The new analysis details how loopholes have made the payment of estate, gift, and generation-skipping taxes—collectively called wealth-transfer taxes—effectively optional for the “ultrawealthy” and thereby accelerate the “accumulation of dynastic wealth.”

“Ultrarich families use dynasty trusts—the term for a variety of wealth-accumulating structures that remain in place for multiple generations—to ensure their fortunes cascade down to children, grandchildren, and beyond undiminished by wealth-transfer taxes,” the report explains.

Some U.S. states, such as South Dakota, have even changed their laws on dynasty trusts to attract wealthy residents, as Chuck Collins of the Institute for Policy highlighted last year.

The new report notes that U.S. lawmakers aren’t planning to address the issue, even if the Senate passes a version of a House-approved package:

The Build Back Better (BBB) legislation now before Congress—otherwise a vehicle for significant progressive tax reform—does nothing to directly reverse this toxic accumulation of dynastic wealth. Moreover, some dynasty trust reforms that were included in the bill passed by the House Ways and Means Committee in September 2021 were stripped out before the House voted on the measure in November.

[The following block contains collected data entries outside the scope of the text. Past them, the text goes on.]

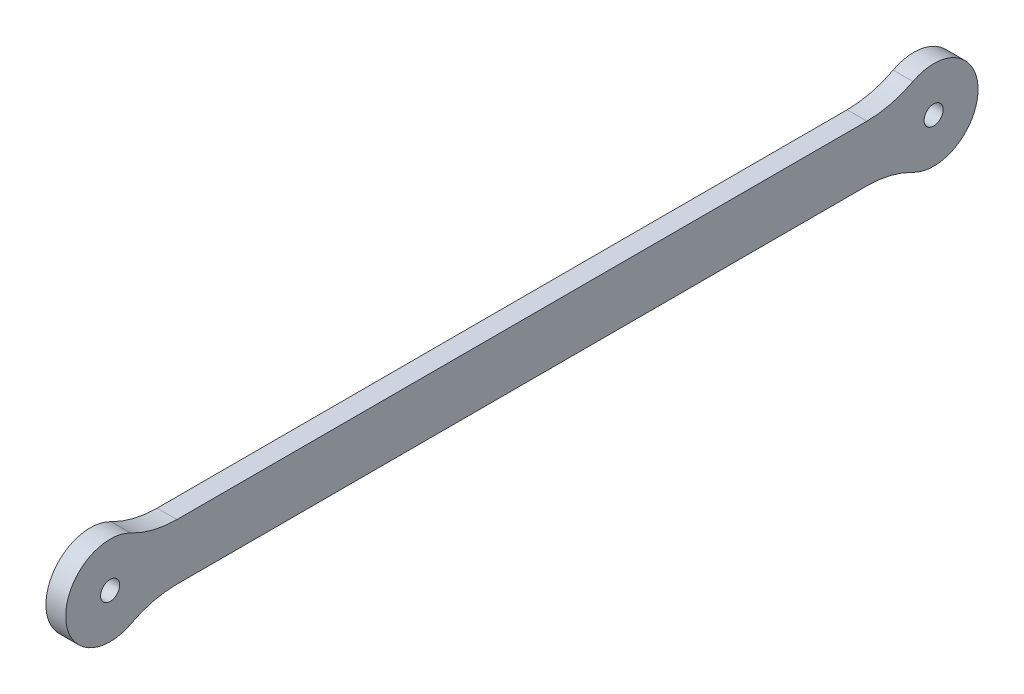
SolidWorks part; units mm, degrees
ref_plane "Front Plane" through (0, 0, 0) normal (0, 0, 1) x (1, 0, 0)
ref_plane "Top Plane" through (0, 0, 0) normal (0, 1, 0) x (1, 0, 0)
ref_plane "Right Plane" through (0, 0, 0) normal (1, 0, 0) x (0, 0, -1)
sketch "Sketch1" plane through (0, 0, 0) normal (1, 0, 0) x (0, 0, -1)
  line L0 (0, 0) -> (62.5, 0) construction
  line L1 (0, 0) -> (-62.5, 0) construction
  line L2 (0, 4.25) -> (0, -4.25) construction
  line L3 (57.256, -4.25) -> (-57.256, -4.25)
  line L4 (57.256, 4.25) -> (-57.256, 4.25)
  circle A0 centre (62.5, 0) radius 6.75
  circle A1 centre (-62.5, 0) radius 6.75
  circle A2 centre (-62.5, 0) radius 1.45
  circle A3 centre (62.5, 0) radius 1.45
  dimension "D2" = 13.5
  dimension "D3" = 2.9
  dimension "D1" = 125
  dimension "D4" = 8.5
extrude "Boss-Extrude1" add sketch "Sketch1" along normal mid plane 3 contours A1 A2 | A1 L3 A0 L4 | A0 A3
fillet "Fillet1" radius 15 4 edges at (0, 4.25, -57.256) (0, -4.25, -57.256) (0, -4.25, 57.256) (0, 4.25, 57.256)
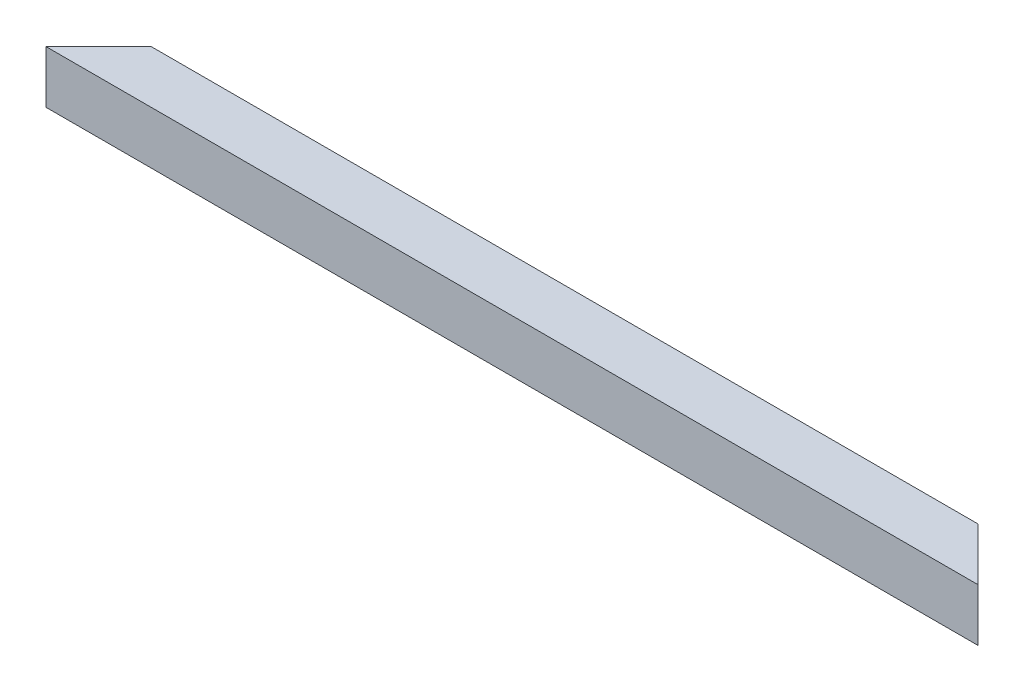
SolidWorks part; units mm, degrees
ref_plane "Alzado" through (0, 0, 0) normal (0, 0, 1) x (1, 0, 0)
ref_plane "Planta" through (0, 0, 0) normal (0, 1, 0) x (1, 0, 0)
ref_plane "Vista lateral" through (0, 0, 0) normal (1, 0, 0) x (0, 0, -1)
sketch "Sketch1" plane through (0, 0, 0) normal (0, 1, 0) x (1, 0, 0)
  line L0 (0, 0) -> (450, 0)
  line L1 (450, 0) -> (450, 25.4)
  line L2 (450, 25.4) -> (0, 25.4)
  line L3 (0, 25.4) -> (0, 0)
  dimension "D1" = 450
  dimension "D2" = 25.4
extrude "Boss-Extrude1" add sketch "Sketch1" along normal blind 25.4
sketch "Sketch2" plane through (450, 0, 0) normal (1, 0, 0) x (0, 0, -1)
  line L0 (1.2, 24.2) -> (24.2, 24.2)
  line L1 (24.2, 24.2) -> (24.2, 1.2)
  line L2 (1.2, 24.2) -> (1.2, 1.2)
  line L3 (1.2, 1.2) -> (24.2, 1.2)
  line L4 (0, 25.4) -> (0, 0) construction
  line L5 (0, 25.4) -> (25.4, 25.4) construction
  line L6 (25.4, 25.4) -> (25.4, 0) construction
  line L7 (0, 0) -> (25.4, 0) construction
  dimension "D1" = 1.2
  dimension "D2" = 1.2
  dimension "D3" = 1.2
  dimension "D4" = 1.2
extrude "Cut-Extrude1" cut sketch "Sketch2" against normal blind 450
sketch "Sketch3" plane through (0, 25.4, 0) normal (0, 1, 0) x (1, 0, 0)
  line L0 (0, 0) -> (25.4, 25.4)
  line L1 (450, 25.4) -> (0, 25.4) construction
  line L4 (0, 0) -> (0, 25.4)
  line L5 (0, 25.4) -> (25.4, 25.4)
  line L6 (450, 0) -> (424.6, 25.4)
  line L7 (424.6, 25.4) -> (450, 25.4)
  line L8 (450, 25.4) -> (450, 0)
  dimension "D1" = 25.4
  dimension "D2" = 25.4
extrude "Cut-Extrude2" cut sketch "Sketch3" against normal blind 25.4
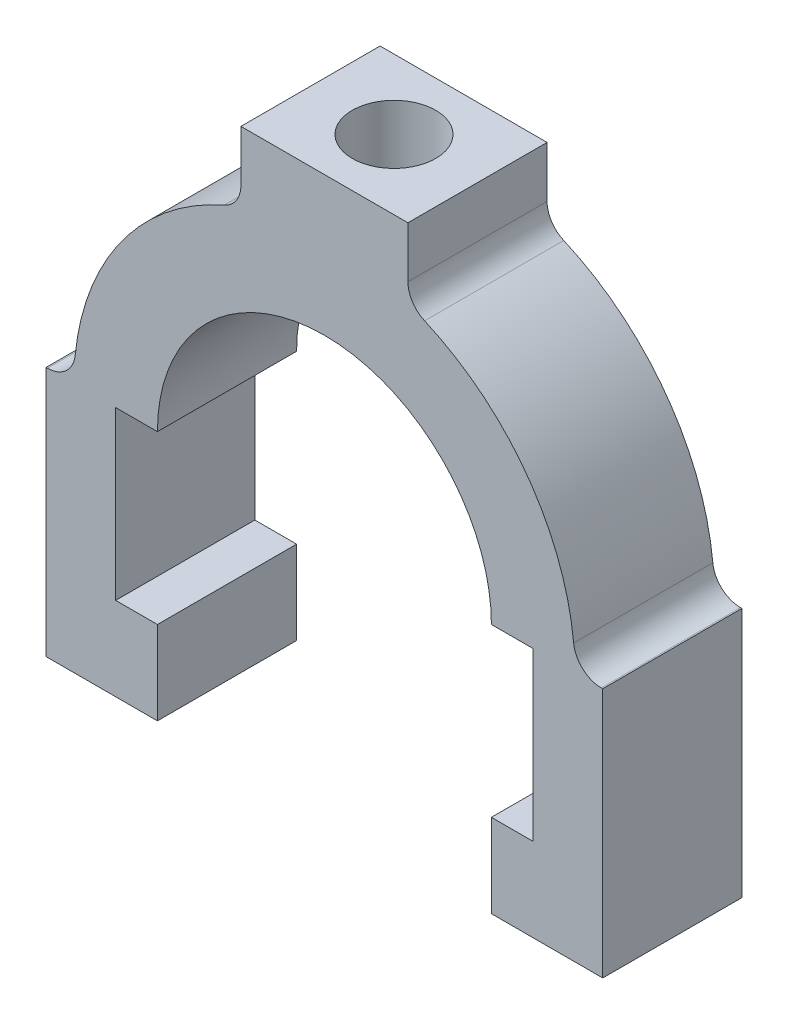
SolidWorks part; units mm, degrees
material "1060 Alloy"
ref_plane "Front Plane" through (0, 0, 0) normal (0, 0, 1) x (1, 0, 0)
ref_plane "Top Plane" through (0, 0, 0) normal (0, 1, 0) x (1, 0, 0)
ref_plane "Right Plane" through (0, 0, 0) normal (1, 0, 0) x (0, 0, -1)
sketch "Sketch1" plane through (0, 0, 0) normal (0, 0, 1) x (1, 0, 0)
  line L1 (0, 0) -> (80, 0)
  line L2 (0, 0) -> (0, 80)
  line L3 (0, 80) -> (80, 80)
  line L4 (80, 0) -> (80, 80)
  dimension "D1" = 80
  dimension "D2" = 80
extrude "Boss-Extrude1" add sketch "Sketch1" against normal blind 20
sketch "Sketch2" plane through (0, 0, 0) normal (0, 0, 1) x (1, 0, 0)
  line L0 (40, -1000) -> (40, 49000) construction
  line L1 (0, 0) -> (80, 0) construction
  line L2 (16, 0) -> (64, 0)
  line L3 (64, 0) -> (64, 12)
  line L4 (64, 12) -> (70, 12)
  line L5 (70, 12) -> (70, 36)
  line L6 (70, 36) -> (10, 36)
  line L7 (16, 0) -> (16, 12)
  line L8 (16, 12) -> (10, 12)
  line L9 (10, 12) -> (10, 36)
  point P5 (40, 0)
  point P13 (40, 0)
  point P16 (40, 36)
  dimension "D1" = 16
  dimension "D2" = 6
  dimension "D3" = 36
  dimension "D4" = 12
extrude "Cut-Extrude1" cut sketch "Sketch2" against normal through all
sketch "Sketch3" plane through (0, 0, 0) normal (0, 0, 1) x (1, 0, 0)
  line L0 (70, 36) -> (10, 36) construction
  circle A0 centre (40, 36) radius 24
  dimension "D1" = 24
extrude "Cut-Extrude2" cut sketch "Sketch3" against normal through all
sketch "Sketch4" plane through (0, 0, 0) normal (0, 0, 1) x (1, 0, 0)
  line L0 (-960, 36) -> (49040, 36) construction
  line L2 (4, 36) -> (0, 36)
  line L3 (0, 80) -> (0, 0) construction
  line L4 (0, 36) -> (0, 80)
  line L5 (0, 80) -> (28, 80)
  line L6 (80, 80) -> (0, 80) construction
  line L7 (28, 80) -> (28, 69.9411)
  line L8 (40, -964) -> (40, 49036) construction
  line L10 (76, 36) -> (80, 36)
  line L11 (80, 36) -> (80, 80)
  line L12 (80, 80) -> (52, 80)
  line L13 (52, 80) -> (52, 69.9411)
  arc A0 (76, 36) -> (52, 69.9411) centre (40, 36) ccw
  arc A1 (64, 36) -> (16, 36) centre (40, 36) ccw construction
  arc A2 (28, 69.9411) -> (4, 36) centre (40, 36) ccw
  dimension "D1" = 36
  dimension "D2" = 28
extrude "Cut-Extrude3" cut sketch "Sketch4" against normal through all
sketch "Sketch5" plane through (0, 80, 0) normal (0, 1, 0) x (1, 0, 0)
  line L0 (40, -1000) -> (40, 49000) construction
  line L1 (52, 0) -> (28, 0) construction
  line L2 (-948, 10) -> (49052, 10) construction
  line L3 (52, 20) -> (52, 0) construction
  circle A0 centre (40, 10) radius 6
  point P5 (40, 0)
  point P10 (52, 10)
  dimension "D1" = 12
extrude "Cut-Extrude4" cut sketch "Sketch5" against normal through all
fillet "Fillet1" radius 4 4 edges at (4, 36, -10) (28, 69.9411, -10) (76, 36, -10) (52, 69.9411, -10)

The BBB bill needs full support from Senate Democrats to pass. Sen. Joe Manchin (D-W.Va.)—one of the primary reasons the legislation hasn’t reached President Joe Biden’s desk—said Tuesday that it is “dead.”

However, Americans for Tax Fairness still uses the whittled-down BBB package to illustrate just how much money wealthy Americans can hoard for their families in the years ahead thanks to the U.S. tax system.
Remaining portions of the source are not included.